Chapter 7 is Machine Learning for Microscopy. This chapter deals with understanding the biological nature of a microscopic image. This includes tasks such as identifying different types of cells or count the number of cells in an image. The chapter starts by talking about microscopy, and related concepts such as diffraction limit. Along with that, recent advances in microscopy, such as electron microscope and fluorescence microscopy are also discussed. This is followed by training a model for cell counting(count the number of cells in an image). Also, a model for cell segmentation(to denote where cells appear and where background appears- a form of semantic segmentation for cells) is also trained. The cell segmentation example briefly talks about the U-Net Architecture, a well known neural network architecture for biomedical image segmentation.

Chapter 8

Deep Learning for Medicine is the topic of Chapter 8. The chapter starts with talking about the previously used computational techniques in the field of medicine, such as expert systems. Next, the chapter discusses the applications of deep radiology. This refers to the use of various radiology techniques such as X-rays, CT Scans, MRI Scans, etc for the diagnosis of diseases by using Convolutional Neural Networks. The chapter ends by creating and training a model for Diabetic Retinopathy.

Chapter 9

Chapter 9 discusses about Generative Models in the field of Life Sciences. Generative Models are quite different from other models that the authors talked about in this book. This is because instead to taking an input and producing an output as a function of its input, Generative Models take random(Gaussian) noise as input, and produce an output. The reason this is important is that, it can be used to do ‘creative’ things. These include tasks such as suggesting new antibiotics for treating a particular bacterial infection, for example. The chapter starts by talking about Variational Autoencoders and GANs(Generative Adversarial Networks). Following that, we train a Variational Autoencoder to generate new molecules. The new structure of the new molecules it outputs is in the form of SMILES.

Chapters 10-12

Deep Learning models are black-box models because of the fact that they are hard to explain and interpret. Chapter 10 deals with interpretability and explainability of the models. The next Chapter, 11 is a Virtual Screening Workflow example. Chapter 12 talks about the prospects and perspectives of applications of Deep Learning in the field of Life Sciences.

Summary

Overall, I find this book very well written. I would recommend this book to everyone who wants to study the application of Deep Learning in Life Sciences. At the same time I would like to recommend this book to every Deep Learning enthusiast. The reason being that, you can try to apply your knowledge in the field of Deep Learning to a new field.

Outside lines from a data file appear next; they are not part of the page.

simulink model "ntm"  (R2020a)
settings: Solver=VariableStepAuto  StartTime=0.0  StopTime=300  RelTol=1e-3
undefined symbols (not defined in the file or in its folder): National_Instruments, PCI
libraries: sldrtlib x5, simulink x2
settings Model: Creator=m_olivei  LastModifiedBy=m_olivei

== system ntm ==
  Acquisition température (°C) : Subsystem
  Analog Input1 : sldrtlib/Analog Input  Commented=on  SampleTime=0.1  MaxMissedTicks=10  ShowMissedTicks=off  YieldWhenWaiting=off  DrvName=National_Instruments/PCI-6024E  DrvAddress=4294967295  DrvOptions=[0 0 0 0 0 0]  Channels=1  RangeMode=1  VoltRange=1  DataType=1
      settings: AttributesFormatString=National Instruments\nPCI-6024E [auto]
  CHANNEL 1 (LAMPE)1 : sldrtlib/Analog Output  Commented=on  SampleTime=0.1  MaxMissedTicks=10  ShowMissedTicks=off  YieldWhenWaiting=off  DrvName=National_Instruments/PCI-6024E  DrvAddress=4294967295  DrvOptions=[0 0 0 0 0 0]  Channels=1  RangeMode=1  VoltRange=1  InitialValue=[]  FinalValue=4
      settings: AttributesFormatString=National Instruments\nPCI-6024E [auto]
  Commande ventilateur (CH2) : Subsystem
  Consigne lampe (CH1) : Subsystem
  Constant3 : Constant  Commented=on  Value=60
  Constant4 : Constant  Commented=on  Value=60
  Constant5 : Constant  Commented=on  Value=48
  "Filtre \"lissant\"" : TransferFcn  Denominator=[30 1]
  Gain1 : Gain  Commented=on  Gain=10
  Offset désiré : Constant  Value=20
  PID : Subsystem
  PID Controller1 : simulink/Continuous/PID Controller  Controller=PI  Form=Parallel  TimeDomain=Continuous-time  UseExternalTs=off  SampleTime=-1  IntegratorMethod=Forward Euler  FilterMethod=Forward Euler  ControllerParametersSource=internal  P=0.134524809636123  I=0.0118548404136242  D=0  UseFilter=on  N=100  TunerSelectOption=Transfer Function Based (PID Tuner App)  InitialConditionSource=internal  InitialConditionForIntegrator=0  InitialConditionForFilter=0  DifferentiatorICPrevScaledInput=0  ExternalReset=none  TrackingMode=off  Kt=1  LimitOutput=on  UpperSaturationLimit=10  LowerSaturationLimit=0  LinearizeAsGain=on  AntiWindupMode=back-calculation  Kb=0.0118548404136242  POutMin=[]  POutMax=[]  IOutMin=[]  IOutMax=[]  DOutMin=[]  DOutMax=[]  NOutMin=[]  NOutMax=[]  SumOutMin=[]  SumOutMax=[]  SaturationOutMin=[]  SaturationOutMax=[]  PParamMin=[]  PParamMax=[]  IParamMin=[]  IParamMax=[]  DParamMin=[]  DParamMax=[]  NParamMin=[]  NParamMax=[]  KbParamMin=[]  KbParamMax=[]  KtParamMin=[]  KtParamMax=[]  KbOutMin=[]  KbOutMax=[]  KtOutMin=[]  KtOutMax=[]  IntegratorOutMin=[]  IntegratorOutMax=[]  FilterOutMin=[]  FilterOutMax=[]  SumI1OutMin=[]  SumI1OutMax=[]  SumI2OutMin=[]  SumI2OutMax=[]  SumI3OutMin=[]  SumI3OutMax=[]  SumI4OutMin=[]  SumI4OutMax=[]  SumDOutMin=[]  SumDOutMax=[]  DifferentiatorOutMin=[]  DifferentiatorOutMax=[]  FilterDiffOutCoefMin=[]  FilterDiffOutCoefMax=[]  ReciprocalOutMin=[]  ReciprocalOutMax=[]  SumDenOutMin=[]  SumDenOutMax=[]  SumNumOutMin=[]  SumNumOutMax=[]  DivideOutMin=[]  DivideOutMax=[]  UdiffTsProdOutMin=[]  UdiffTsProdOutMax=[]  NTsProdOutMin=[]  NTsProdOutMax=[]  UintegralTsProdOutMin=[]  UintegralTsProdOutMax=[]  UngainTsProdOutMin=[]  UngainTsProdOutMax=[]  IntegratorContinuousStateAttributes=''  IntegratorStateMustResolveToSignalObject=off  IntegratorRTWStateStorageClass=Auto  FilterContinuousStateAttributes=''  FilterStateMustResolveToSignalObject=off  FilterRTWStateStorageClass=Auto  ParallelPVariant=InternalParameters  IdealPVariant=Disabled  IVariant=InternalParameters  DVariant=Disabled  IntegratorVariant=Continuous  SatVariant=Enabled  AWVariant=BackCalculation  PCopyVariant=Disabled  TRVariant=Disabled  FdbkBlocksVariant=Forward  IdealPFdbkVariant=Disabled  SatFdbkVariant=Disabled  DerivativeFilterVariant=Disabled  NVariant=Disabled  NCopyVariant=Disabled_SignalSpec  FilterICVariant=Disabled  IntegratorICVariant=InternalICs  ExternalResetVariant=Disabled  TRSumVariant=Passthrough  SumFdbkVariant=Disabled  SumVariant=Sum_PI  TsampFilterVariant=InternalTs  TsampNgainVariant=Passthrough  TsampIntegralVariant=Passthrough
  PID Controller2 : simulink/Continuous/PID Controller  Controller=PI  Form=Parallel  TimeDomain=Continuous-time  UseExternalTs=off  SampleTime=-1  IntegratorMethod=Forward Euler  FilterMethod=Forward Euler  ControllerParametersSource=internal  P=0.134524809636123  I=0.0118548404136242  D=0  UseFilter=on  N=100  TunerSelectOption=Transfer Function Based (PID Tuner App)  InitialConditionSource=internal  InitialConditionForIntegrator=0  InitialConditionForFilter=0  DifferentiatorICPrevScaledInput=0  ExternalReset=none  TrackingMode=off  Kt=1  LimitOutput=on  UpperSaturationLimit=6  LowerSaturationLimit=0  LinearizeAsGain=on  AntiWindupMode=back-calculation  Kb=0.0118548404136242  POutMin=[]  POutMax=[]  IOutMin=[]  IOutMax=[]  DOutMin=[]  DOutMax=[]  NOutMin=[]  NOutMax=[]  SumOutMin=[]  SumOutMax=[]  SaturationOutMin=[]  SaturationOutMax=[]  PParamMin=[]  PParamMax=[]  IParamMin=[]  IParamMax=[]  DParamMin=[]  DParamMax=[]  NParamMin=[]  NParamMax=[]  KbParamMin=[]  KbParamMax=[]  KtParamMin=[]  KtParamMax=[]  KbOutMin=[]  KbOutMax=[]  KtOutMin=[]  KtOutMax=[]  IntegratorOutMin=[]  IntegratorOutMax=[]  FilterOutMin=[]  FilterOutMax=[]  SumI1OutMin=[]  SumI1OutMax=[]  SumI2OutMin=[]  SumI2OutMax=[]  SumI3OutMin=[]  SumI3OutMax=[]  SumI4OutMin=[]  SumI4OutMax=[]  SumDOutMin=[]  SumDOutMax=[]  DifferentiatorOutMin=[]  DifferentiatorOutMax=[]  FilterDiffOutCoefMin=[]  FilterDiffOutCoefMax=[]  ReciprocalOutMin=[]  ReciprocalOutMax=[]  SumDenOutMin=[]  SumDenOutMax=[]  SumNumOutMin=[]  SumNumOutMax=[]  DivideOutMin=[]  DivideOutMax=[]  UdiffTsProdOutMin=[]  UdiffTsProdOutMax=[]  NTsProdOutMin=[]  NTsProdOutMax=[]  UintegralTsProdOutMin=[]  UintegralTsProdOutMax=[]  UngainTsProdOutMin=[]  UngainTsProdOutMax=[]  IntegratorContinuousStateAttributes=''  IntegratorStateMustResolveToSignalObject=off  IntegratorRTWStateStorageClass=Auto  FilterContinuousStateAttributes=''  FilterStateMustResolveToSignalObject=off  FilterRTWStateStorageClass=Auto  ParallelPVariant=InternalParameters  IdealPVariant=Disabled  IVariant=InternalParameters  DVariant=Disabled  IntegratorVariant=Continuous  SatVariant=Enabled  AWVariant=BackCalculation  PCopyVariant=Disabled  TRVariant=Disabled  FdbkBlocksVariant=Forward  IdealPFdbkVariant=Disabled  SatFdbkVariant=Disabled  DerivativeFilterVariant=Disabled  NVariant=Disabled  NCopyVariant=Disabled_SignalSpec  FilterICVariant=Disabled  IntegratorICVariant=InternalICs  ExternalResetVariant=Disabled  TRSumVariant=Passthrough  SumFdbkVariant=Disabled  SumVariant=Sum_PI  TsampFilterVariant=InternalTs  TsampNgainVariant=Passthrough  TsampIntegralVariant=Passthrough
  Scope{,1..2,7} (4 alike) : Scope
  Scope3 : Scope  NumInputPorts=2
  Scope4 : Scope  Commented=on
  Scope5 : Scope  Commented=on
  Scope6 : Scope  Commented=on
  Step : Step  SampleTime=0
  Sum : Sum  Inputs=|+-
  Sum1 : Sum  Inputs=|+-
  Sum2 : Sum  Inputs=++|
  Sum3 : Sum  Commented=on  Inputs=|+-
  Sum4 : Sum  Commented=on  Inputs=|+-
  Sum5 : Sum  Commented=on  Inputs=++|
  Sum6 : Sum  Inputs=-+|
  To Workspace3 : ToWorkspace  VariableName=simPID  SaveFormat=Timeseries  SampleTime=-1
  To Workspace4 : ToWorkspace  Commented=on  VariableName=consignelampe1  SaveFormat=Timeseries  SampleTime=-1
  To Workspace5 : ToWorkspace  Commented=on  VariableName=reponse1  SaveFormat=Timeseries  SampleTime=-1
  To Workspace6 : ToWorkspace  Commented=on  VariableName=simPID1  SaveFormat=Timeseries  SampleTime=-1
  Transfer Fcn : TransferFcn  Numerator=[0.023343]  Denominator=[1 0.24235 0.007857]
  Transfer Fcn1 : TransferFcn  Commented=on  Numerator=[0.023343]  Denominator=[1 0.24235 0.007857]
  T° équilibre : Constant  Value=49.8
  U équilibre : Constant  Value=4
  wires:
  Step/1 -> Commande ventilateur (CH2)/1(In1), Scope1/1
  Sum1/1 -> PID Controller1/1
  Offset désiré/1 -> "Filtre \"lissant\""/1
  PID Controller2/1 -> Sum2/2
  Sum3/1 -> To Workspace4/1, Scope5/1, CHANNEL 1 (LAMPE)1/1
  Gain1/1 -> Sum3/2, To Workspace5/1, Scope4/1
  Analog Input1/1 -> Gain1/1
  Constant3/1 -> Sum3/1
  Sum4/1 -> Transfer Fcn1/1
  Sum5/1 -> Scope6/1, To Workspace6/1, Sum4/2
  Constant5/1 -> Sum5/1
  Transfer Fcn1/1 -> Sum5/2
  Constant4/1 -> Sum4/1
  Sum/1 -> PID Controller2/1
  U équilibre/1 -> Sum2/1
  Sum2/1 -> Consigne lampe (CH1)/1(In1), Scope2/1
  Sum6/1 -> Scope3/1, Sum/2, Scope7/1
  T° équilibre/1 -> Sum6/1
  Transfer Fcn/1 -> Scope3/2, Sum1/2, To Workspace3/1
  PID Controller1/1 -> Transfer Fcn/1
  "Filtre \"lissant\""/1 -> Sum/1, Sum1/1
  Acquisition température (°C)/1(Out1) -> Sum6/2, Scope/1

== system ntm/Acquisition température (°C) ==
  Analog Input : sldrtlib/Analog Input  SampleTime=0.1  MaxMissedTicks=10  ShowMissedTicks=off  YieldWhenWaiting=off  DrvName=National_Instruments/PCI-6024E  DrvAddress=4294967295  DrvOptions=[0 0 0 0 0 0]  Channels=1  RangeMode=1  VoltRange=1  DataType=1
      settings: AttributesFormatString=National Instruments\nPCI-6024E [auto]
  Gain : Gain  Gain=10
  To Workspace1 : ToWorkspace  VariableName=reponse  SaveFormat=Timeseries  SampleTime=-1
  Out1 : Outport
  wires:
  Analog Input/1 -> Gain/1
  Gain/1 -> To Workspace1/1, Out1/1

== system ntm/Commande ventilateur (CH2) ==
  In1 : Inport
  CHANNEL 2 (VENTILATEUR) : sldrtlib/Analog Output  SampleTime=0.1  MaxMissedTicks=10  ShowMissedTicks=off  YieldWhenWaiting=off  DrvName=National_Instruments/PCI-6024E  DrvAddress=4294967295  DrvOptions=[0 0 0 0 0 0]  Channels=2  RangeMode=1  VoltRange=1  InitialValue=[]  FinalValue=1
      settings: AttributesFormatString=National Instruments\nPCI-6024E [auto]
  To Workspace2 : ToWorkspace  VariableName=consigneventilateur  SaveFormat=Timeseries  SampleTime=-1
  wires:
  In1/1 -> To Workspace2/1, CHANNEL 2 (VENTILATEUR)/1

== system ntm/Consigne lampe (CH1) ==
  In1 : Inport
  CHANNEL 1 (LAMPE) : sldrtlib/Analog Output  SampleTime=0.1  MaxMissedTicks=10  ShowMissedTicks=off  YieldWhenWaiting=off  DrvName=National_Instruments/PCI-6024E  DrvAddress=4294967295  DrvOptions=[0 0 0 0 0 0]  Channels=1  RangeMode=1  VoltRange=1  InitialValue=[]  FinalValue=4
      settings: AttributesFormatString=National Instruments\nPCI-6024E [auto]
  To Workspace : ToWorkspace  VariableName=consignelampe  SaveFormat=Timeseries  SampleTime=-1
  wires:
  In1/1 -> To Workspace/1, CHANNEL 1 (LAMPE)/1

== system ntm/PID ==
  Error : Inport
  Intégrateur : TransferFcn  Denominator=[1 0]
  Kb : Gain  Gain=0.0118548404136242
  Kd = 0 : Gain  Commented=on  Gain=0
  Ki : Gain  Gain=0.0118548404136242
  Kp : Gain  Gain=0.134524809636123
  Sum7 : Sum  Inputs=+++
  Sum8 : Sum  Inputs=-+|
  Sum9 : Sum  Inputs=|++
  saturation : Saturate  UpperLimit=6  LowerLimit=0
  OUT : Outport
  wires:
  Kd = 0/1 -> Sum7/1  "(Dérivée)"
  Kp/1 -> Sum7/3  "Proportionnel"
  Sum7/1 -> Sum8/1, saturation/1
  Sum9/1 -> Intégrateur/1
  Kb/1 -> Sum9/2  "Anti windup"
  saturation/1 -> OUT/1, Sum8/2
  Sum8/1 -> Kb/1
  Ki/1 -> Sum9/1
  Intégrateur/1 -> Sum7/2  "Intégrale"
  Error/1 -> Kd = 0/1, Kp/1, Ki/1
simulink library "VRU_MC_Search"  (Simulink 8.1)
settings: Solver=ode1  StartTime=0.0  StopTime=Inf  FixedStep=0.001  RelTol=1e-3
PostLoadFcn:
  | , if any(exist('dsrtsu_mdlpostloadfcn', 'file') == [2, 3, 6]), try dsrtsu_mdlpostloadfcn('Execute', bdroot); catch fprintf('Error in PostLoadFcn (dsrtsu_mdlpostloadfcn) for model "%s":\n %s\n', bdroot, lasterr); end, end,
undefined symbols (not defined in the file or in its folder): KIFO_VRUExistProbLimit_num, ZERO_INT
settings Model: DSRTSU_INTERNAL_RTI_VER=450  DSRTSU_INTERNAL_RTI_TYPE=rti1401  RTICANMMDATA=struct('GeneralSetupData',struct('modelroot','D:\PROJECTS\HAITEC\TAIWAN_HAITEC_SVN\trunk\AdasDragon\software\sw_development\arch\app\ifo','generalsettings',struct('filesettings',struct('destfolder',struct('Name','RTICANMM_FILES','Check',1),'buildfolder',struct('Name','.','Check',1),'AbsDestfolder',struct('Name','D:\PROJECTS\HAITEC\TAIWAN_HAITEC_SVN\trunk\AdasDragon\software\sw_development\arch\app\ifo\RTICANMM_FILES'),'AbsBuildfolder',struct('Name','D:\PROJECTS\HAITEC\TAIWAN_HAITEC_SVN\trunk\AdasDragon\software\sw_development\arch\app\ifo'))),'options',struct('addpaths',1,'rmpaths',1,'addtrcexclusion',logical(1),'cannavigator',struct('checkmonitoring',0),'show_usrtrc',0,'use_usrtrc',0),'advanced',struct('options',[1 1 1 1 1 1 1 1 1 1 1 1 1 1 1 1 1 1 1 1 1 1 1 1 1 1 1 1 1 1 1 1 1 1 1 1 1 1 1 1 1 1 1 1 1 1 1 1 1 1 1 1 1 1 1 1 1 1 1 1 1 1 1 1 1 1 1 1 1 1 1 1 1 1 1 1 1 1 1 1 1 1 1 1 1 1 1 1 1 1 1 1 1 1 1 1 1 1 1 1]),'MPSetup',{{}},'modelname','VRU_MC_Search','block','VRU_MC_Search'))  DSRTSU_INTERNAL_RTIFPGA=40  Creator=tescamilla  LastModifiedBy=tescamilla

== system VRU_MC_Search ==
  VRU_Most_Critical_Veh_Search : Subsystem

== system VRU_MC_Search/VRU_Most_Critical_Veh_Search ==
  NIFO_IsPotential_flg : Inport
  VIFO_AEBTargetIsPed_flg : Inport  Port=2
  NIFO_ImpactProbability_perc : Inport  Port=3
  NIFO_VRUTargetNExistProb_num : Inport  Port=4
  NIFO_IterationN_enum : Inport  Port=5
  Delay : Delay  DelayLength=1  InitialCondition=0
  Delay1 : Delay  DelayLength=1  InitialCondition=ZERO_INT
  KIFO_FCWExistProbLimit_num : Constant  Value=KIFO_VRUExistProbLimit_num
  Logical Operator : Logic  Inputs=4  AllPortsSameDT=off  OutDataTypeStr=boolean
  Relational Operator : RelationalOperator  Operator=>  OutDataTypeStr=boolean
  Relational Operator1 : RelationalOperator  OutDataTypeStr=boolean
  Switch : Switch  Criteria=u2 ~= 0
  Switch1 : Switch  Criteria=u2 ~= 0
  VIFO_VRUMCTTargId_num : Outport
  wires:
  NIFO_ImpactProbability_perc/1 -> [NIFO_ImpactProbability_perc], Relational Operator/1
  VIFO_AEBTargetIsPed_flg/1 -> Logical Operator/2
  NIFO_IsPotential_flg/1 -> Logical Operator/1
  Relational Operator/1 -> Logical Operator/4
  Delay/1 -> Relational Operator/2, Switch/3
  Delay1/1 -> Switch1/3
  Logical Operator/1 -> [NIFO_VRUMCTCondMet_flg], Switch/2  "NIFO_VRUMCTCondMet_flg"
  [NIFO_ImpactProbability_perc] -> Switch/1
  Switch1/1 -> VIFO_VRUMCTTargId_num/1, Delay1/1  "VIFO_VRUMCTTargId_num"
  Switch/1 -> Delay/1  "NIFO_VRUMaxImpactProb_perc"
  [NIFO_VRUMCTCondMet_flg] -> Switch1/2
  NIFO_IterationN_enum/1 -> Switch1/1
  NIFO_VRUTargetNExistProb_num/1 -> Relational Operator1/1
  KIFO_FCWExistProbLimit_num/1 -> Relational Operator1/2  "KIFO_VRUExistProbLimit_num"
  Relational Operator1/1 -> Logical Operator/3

Most people in the field of Deep Learning or Machine Learning are not specialists in Biology. And this same thing applies to me as well. Before getting started with this book, I was worried if I would be able to understand the content of the book. But looking back, there was hardly any time it mattered. Most of the book is written in an abstract form, and hence a good understanding of biology is not required. At the same time, the authors of the book have made sure that they explain the basics of the concept at the start of each chapter. For these 2 reasons, I find that the book is understandable to professionals in the field of Deep Learning, even when they don’t have a strong foundation in biology. If however, you feel like studying this subject further, you must improve you foundation of biology.